Un dernier élément de coordination interministérielle tient au lien avec les plateformes de réseaux sociaux, qui ont un rôle essentiel à jouer puisqu'elles constituent une partie du problème de notre point de vue. Celles-ci n'exercent pas de modération suffisante en Afrique, où elles dédient très peu de capacités. Aucun modérateur n'est présent en Afrique et très peu de réponses sont apportées aux régulateurs africains. Ce constat a été très clairement exprimé, notamment dans le cadre du réseau francophone des régulateurs des médias (REFRAM), auquel l'autorité de régulation de la communication audiovisuelle et numérique (ARCOM) participe. Aucune réponse n'est apportée aux régulateurs africains lorsqu'il s'agit de lutter contre des campagnes de manipulation de l'information qui mettent en cause l'ordre public ou d'autres questions. Nous avons, en tant qu'État français, un rôle de signalement auprès de cette plateforme quand nous faisons face à des campagnes de désinformation. Nous travaillons à cette fin en lien avec le ministère de la transition numérique, l'ambassadeur pour le numérique Henri Verdier et d'autres services de l'État qui permettent de faire pression ou de demander à ces plateformes de réagir.

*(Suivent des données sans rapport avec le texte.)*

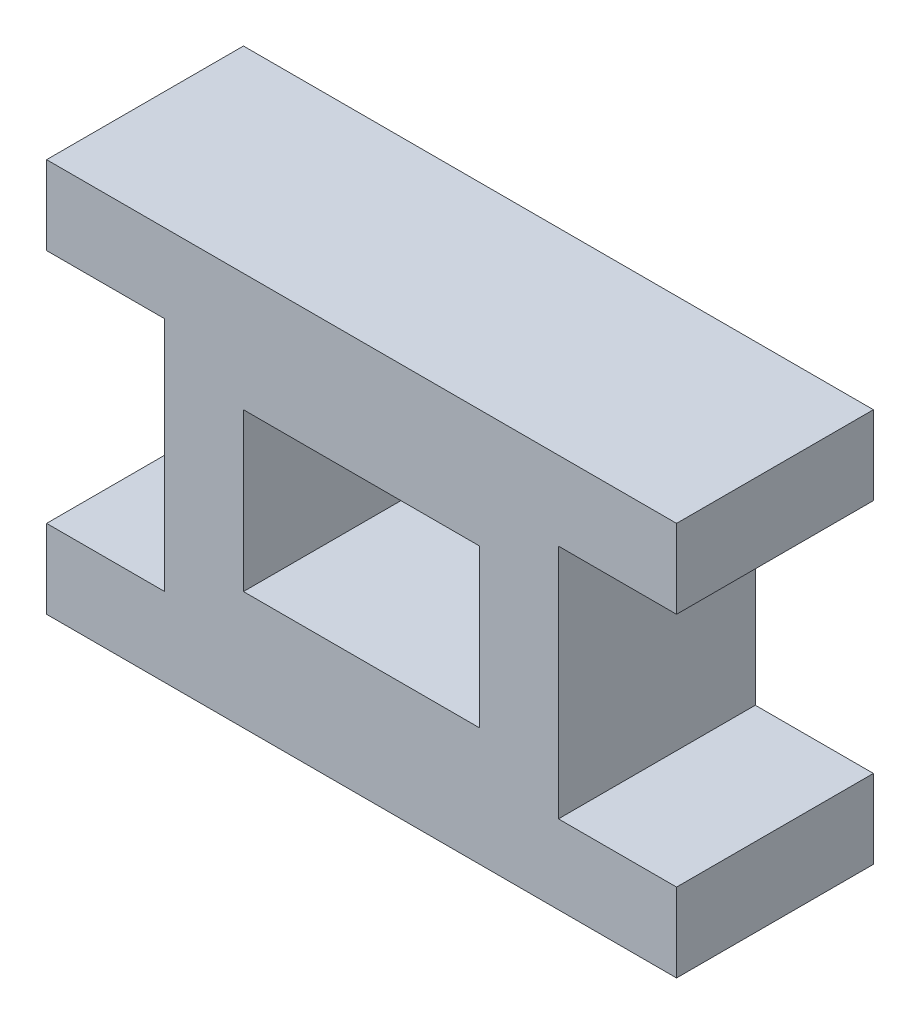
from build123d import *

# Parameters (mm, degrees)
SKETCH1_W           = 30
SKETCH1_H           = 20
BOSS_EXTRUDE1_DEPTH = 25


with BuildPart() as part:
    # Sketch1 → Boss-Extrude1 (new body)
    with BuildSketch(Plane.XY):
        Polygon((-40, -21.936936628), (40, -21.936936628), (40, -11.936936628), (25, -11.936936628), (25, 18.063063372), (40, 18.063063372), (40, 28.063063372), (-40, 28.063063372), (-40, 18.063063372), (-25, 18.063063372), (-25, -11.936936628), (-40, -11.936936628), align=None)
        with Locations((0, 3.063063372)):
            Rectangle(SKETCH1_W, SKETCH1_H, mode=Mode.SUBTRACT)
    extrude(amount=BOSS_EXTRUDE1_DEPTH)


solid = part.part
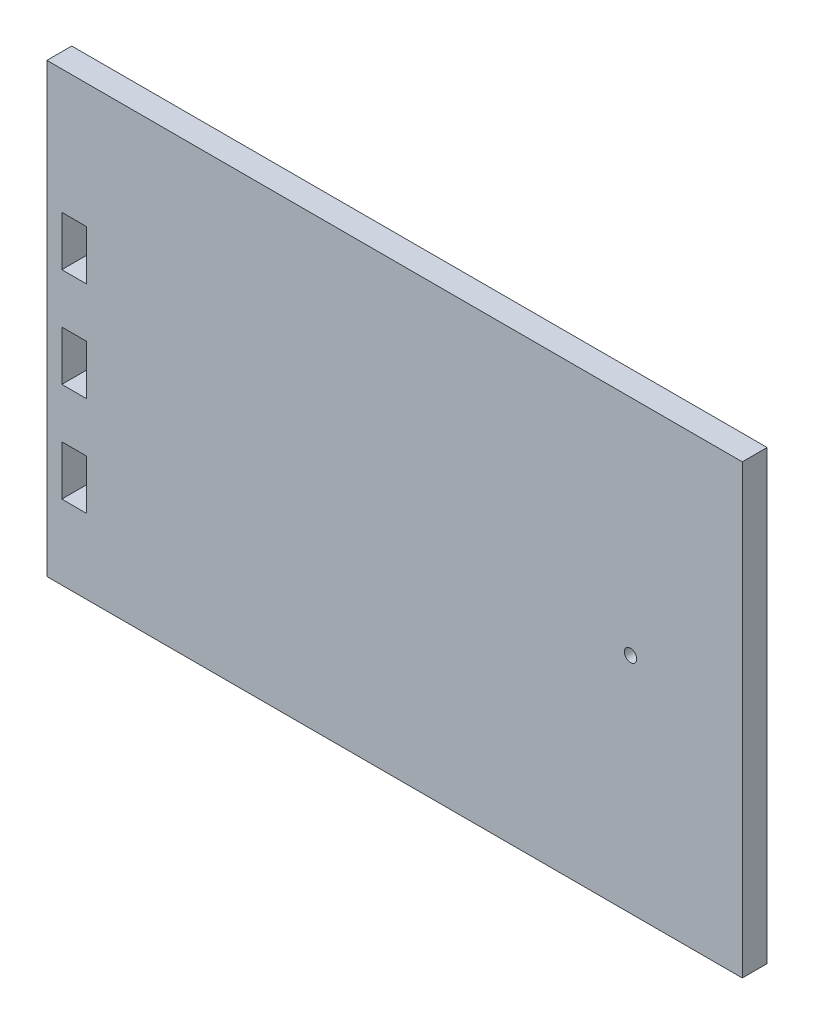
from build123d import *

# Parameters (mm, degrees)
SKETCH2_W           = 355.6
SKETCH2_H           = 228.6
BOSS_EXTRUDE1_DEPTH = 12.7
SKETCH3_R           = 3.175
CUT_EXTRUDE1_DEPTH  = 12.7
SKETCH4_W           = 12.7
SKETCH4_H           = 25.4
CUT_EXTRUDE2_DEPTH  = 13.7


with BuildPart() as part:
    # Sketch2 → Boss-Extrude1 (new body)
    with BuildSketch(Plane.XY):
        with Locations((177.8, -114.3)):
            Rectangle(SKETCH2_W, SKETCH2_H)
    extrude(amount=BOSS_EXTRUDE1_DEPTH)

    # Sketch3 → Cut-Extrude1 (cut)
    with BuildSketch(Plane.XY.offset(12.7)):
        with Locations((298.45, -114.3)):
            Circle(SKETCH3_R)
    extrude(amount=-CUT_EXTRUDE1_DEPTH, mode=Mode.SUBTRACT)

    # Sketch4 → Cut-Extrude2 (cut, through all)
    with BuildSketch(Plane.XY.offset(12.7)):
        with Locations((13.97, -76.2)):
            Rectangle(SKETCH4_W, SKETCH4_H)
        with Locations((13.97, -127)):
            Rectangle(SKETCH4_W, SKETCH4_H)
        with Locations((13.97, -177.8)):
            Rectangle(SKETCH4_W, SKETCH4_H)
    extrude(amount=-CUT_EXTRUDE2_DEPTH, mode=Mode.SUBTRACT)


solid = part.part
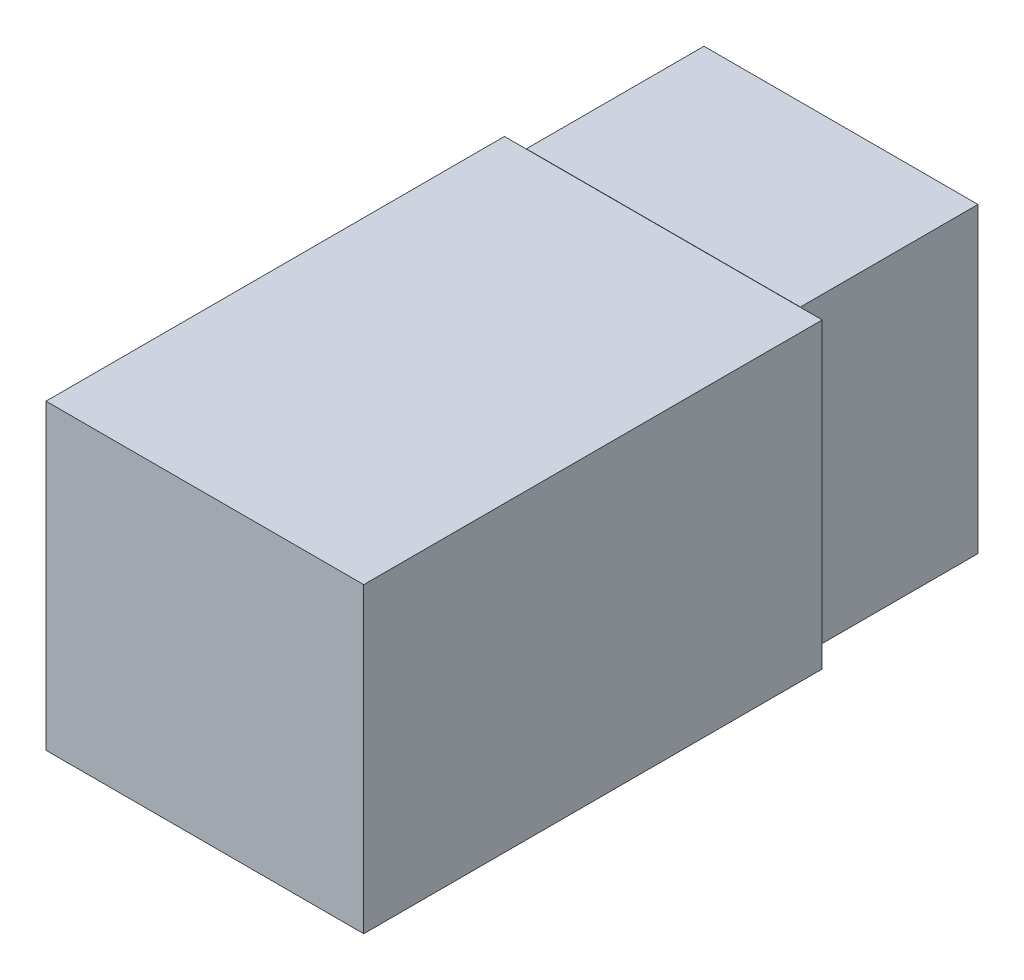
from build123d import *

# Parameters (mm, degrees)
SKETCH1_W           = 14.5
SKETCH1_H           = 16
BOSS_EXTRUDE1_DEPTH = 9.4
SKETCH4_W           = 16.813940165
SKETCH4_H           = 16
BOSS_EXTRUDE3_DEPTH = 24.26
SHELL1_T            = -1.3


with BuildPart() as part:
    # Sketch1 → Boss-Extrude1 (new body)
    with BuildSketch(Plane.XY):
        with Locations((7.25, 8)):
            Rectangle(SKETCH1_W, SKETCH1_H)
    extrude(amount=BOSS_EXTRUDE1_DEPTH)

    # Sketch4 → Boss-Extrude3 (add)
    with BuildSketch(Plane.XY.offset(9.4)):
        with Locations((7.249467392, 7.986309029)):
            Rectangle(SKETCH4_W, SKETCH4_H)
    extrude(amount=BOSS_EXTRUDE3_DEPTH)

    # Shell1
    shell1_openings = [part.faces().sort_by_distance(p)[0] for p in [
        (7.25, 8, 0),
    ]]
    offset(amount=SHELL1_T, openings=shell1_openings, kind=Kind.INTERSECTION)


solid = part.part
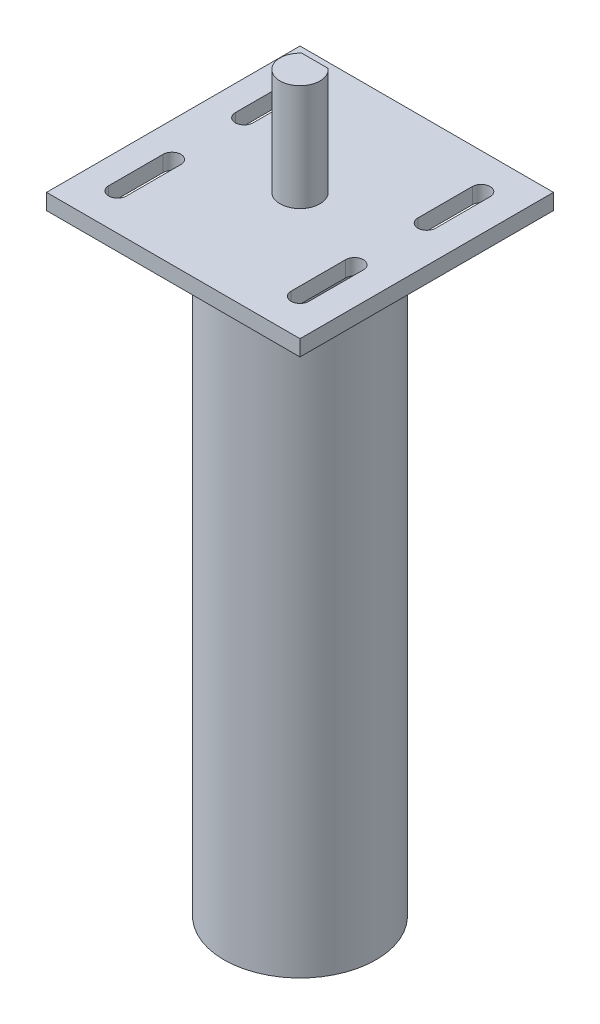
from build123d import *

# Parameters (mm, degrees)
SKETCH1_R           = 15.24
BOSS_EXTRUDE1_DEPTH = 122.428
SKETCH2_W           = 50.8
SKETCH2_H           = 50.8
BOSS_EXTRUDE2_DEPTH = 3.175
SKETCH3_R           = 4
BOSS_EXTRUDE3_DEPTH = 21.336
CUT_EXTRUDE1_DEPTH  = 21.336
CUT_EXTRUDE2_DEPTH  = 3.175


with BuildPart() as part:
    # Sketch1 → Boss-Extrude1 (new body)
    with BuildSketch(Plane(origin=(0, 0, 0), x_dir=(1, 0, 0), z_dir=(0, 1, 0))):
        Circle(SKETCH1_R)
    extrude(amount=BOSS_EXTRUDE1_DEPTH)

    # Sketch2 → Boss-Extrude2 (add)
    with BuildSketch(Plane(origin=(0, 122.428, 0), x_dir=(1, 0, 0), z_dir=(0, 1, 0))):
        Rectangle(SKETCH2_W, SKETCH2_H)
    extrude(amount=BOSS_EXTRUDE2_DEPTH)

    # Sketch3 → Boss-Extrude3 (add)
    with BuildSketch(Plane(origin=(0, 125.603, 0), x_dir=(1, 0, 0), z_dir=(0, 1, 0))):
        Circle(SKETCH3_R)
    extrude(amount=BOSS_EXTRUDE3_DEPTH)

    # Sketch4 → Cut-Extrude1 (cut)
    with BuildSketch(Plane(origin=(0, 146.939, 0), x_dir=(1, 0, 0), z_dir=(0, 1, 0))):
        with BuildLine():
            Line((2.645751311, 3), (-2.645751311, 3))
            ThreePointArc((-2.645751311, 3), (0, 4), (2.645751311, 3))
        make_face()
    extrude(amount=-CUT_EXTRUDE1_DEPTH, mode=Mode.SUBTRACT)

    # Sketch5 → Cut-Extrude2 (cut)
    with BuildSketch(Plane(origin=(0, 125.603, 0), x_dir=(1, 0, 0), z_dir=(0, 1, 0))):
        with BuildLine():
            Line((-16.764, 18.288), (-16.764, 7.366))
            ThreePointArc((-16.764, 7.366), (-18.542, 5.588), (-20.32, 7.366))
            Line((-20.32, 7.366), (-20.32, 18.288))
            ThreePointArc((-20.32, 18.288), (-18.542, 20.066), (-16.764, 18.288))
        make_face()
        with BuildLine():
            Line((-16.764, -7.112), (-16.764, -18.034))
            ThreePointArc((-16.764, -18.034), (-18.542, -19.812), (-20.32, -18.034))
            Line((-20.32, -18.034), (-20.32, -7.112))
            ThreePointArc((-20.32, -7.112), (-18.542, -5.334), (-16.764, -7.112))
        make_face()
        with BuildLine():
            Line((19.812, -7.112), (19.812, -18.034))
            ThreePointArc((19.812, -18.034), (18.034, -19.812), (16.256, -18.034))
            Line((16.256, -18.034), (16.256, -7.112))
            ThreePointArc((16.256, -7.112), (18.034, -5.334), (19.812, -7.112))
        make_face()
        with BuildLine():
            Line((19.812, 18.288), (19.812, 7.366))
            ThreePointArc((19.812, 7.366), (18.034, 5.588), (16.256, 7.366))
            Line((16.256, 7.366), (16.256, 18.288))
            ThreePointArc((16.256, 18.288), (18.034, 20.066), (19.812, 18.288))
        make_face()
    extrude(amount=-CUT_EXTRUDE2_DEPTH, mode=Mode.SUBTRACT)


solid = part.part
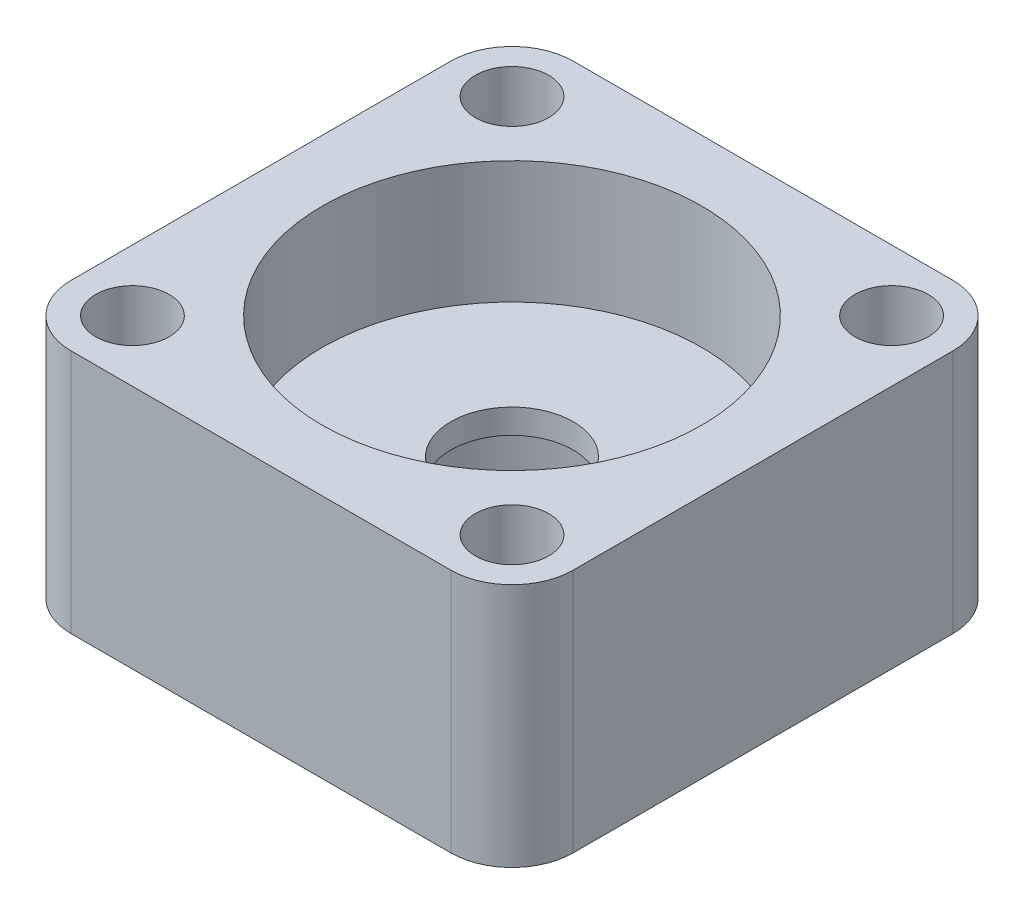
from build123d import *

# Parameters (mm, degrees)
SKETCH1_R           = 11
SKETCH1_R_2         = 1.75
BOSS_EXTRUDE1_DEPTH = 8
SKETCH2_R           = 1.75
SKETCH2_R_2         = 5
BOSS_EXTRUDE2_DEPTH = 2
SKETCH3_R           = 1.75
SKETCH3_R_2         = 15.5
BOSS_EXTRUDE3_DEPTH = 10
SKETCH4_R           = 3
CUT_EXTRUDE1_DEPTH  = 15


with BuildPart() as part:
    # Sketch1 → Boss-Extrude1 (new body)
    with BuildSketch(Plane(origin=(0, 0, 0), x_dir=(1, 0, 0), z_dir=(0, 1, 0))):
        with BuildLine():
            Line((-15.5, 20.5), (15.5, 20.5))
            ThreePointArc((15.5, 20.5), (19.035533906, 19.035533906), (20.5, 15.5))
            Line((20.5, 15.5), (20.5, -15.5))
            ThreePointArc((20.5, -15.5), (19.035533906, -19.035533906), (15.5, -20.5))
            Line((15.5, -20.5), (-15.5, -20.5))
            ThreePointArc((-15.5, -20.5), (-19.035533906, -19.035533906), (-20.5, -15.5))
            Line((-20.5, -15.5), (-20.5, 15.5))
            ThreePointArc((-20.5, 15.5), (-19.035533906, 19.035533906), (-15.5, 20.5))
        make_face()
        Circle(SKETCH1_R, mode=Mode.SUBTRACT)
        with Locations((-15.5, 15.5)):
            Circle(SKETCH1_R_2, mode=Mode.SUBTRACT)
        with Locations((15.5, 15.5)):
            Circle(SKETCH1_R_2, mode=Mode.SUBTRACT)
        with Locations((15.5, -15.5)):
            Circle(SKETCH1_R_2, mode=Mode.SUBTRACT)
        with Locations((-15.5, -15.5)):
            Circle(SKETCH1_R_2, mode=Mode.SUBTRACT)
    extrude(amount=BOSS_EXTRUDE1_DEPTH)

    # Sketch2 → Boss-Extrude2 (add)
    with BuildSketch(Plane(origin=(0, 8, 0), x_dir=(1, 0, 0), z_dir=(0, 1, 0))):
        with BuildLine():
            Line((-20.5, 15.5), (-20.5, -15.5))
            ThreePointArc((-20.5, -15.5), (-19.035533906, -19.035533906), (-15.5, -20.5))
            Line((-15.5, -20.5), (15.5, -20.5))
            ThreePointArc((15.5, -20.5), (19.035533906, -19.035533906), (20.5, -15.5))
            Line((20.5, -15.5), (20.5, 15.5))
            ThreePointArc((20.5, 15.5), (19.035533906, 19.035533906), (15.5, 20.5))
            Line((15.5, 20.5), (-15.5, 20.5))
            ThreePointArc((-15.5, 20.5), (-19.035533906, 19.035533906), (-20.5, 15.5))
        make_face()
        with Locations((15.5, 15.5)):
            Circle(SKETCH2_R, mode=Mode.SUBTRACT)
        with Locations((15.5, -15.5)):
            Circle(SKETCH2_R, mode=Mode.SUBTRACT)
        with Locations((-15.5, 15.5)):
            Circle(SKETCH2_R, mode=Mode.SUBTRACT)
        Circle(SKETCH2_R_2, mode=Mode.SUBTRACT)
        with Locations((-15.5, -15.5)):
            Circle(SKETCH2_R, mode=Mode.SUBTRACT)
    extrude(amount=BOSS_EXTRUDE2_DEPTH)

    # Sketch3 → Boss-Extrude3 (add)
    with BuildSketch(Plane(origin=(0, 10, 0), x_dir=(1, 0, 0), z_dir=(0, 1, 0))):
        with BuildLine():
            Line((-20.5, 15.5), (-20.5, -15.5))
            ThreePointArc((-20.5, -15.5), (-19.035533906, -19.035533906), (-15.5, -20.5))
            Line((-15.5, -20.5), (15.5, -20.5))
            ThreePointArc((15.5, -20.5), (19.035533906, -19.035533906), (20.5, -15.5))
            Line((20.5, -15.5), (20.5, 15.5))
            ThreePointArc((20.5, 15.5), (19.035533906, 19.035533906), (15.5, 20.5))
            Line((15.5, 20.5), (-15.5, 20.5))
            ThreePointArc((-15.5, 20.5), (-19.035533906, 19.035533906), (-20.5, 15.5))
        make_face()
        with Locations((15.5, 15.5)):
            Circle(SKETCH3_R, mode=Mode.SUBTRACT)
        with Locations((15.5, -15.5)):
            Circle(SKETCH3_R, mode=Mode.SUBTRACT)
        with Locations((-15.5, -15.5)):
            Circle(SKETCH3_R, mode=Mode.SUBTRACT)
        with Locations((-15.5, 15.5)):
            Circle(SKETCH3_R, mode=Mode.SUBTRACT)
        Circle(SKETCH3_R_2, mode=Mode.SUBTRACT)
    extrude(amount=BOSS_EXTRUDE3_DEPTH)

    # Sketch4 → Cut-Extrude1 (cut)
    with BuildSketch(Plane(origin=(0, 20, 0), x_dir=(1, 0, 0), z_dir=(0, 1, 0))):
        with Locations((-15.5, 15.5)):
            Circle(SKETCH4_R)
        with Locations((15.5, 15.5)):
            Circle(SKETCH4_R)
        with Locations((15.5, -15.5)):
            Circle(SKETCH4_R)
        with Locations((-15.5, -15.5)):
            Circle(SKETCH4_R)
    extrude(amount=-CUT_EXTRUDE1_DEPTH, mode=Mode.SUBTRACT)


solid = part.part

Enfin, puisque ce travail se conduit directement avec elles, un travail est mené pour renforcer nos ambassades sur le terrain, afin qu'elles soient mieux équipées pour ce faire. Un certain nombre d'augmentations d'emplois sont prévues pour le ministère des affaires étrangères en 2024, qui vont bénéficier à la direction de la communication mais aussi à nos ambassades, avec une priorité pour celles situées en Afrique.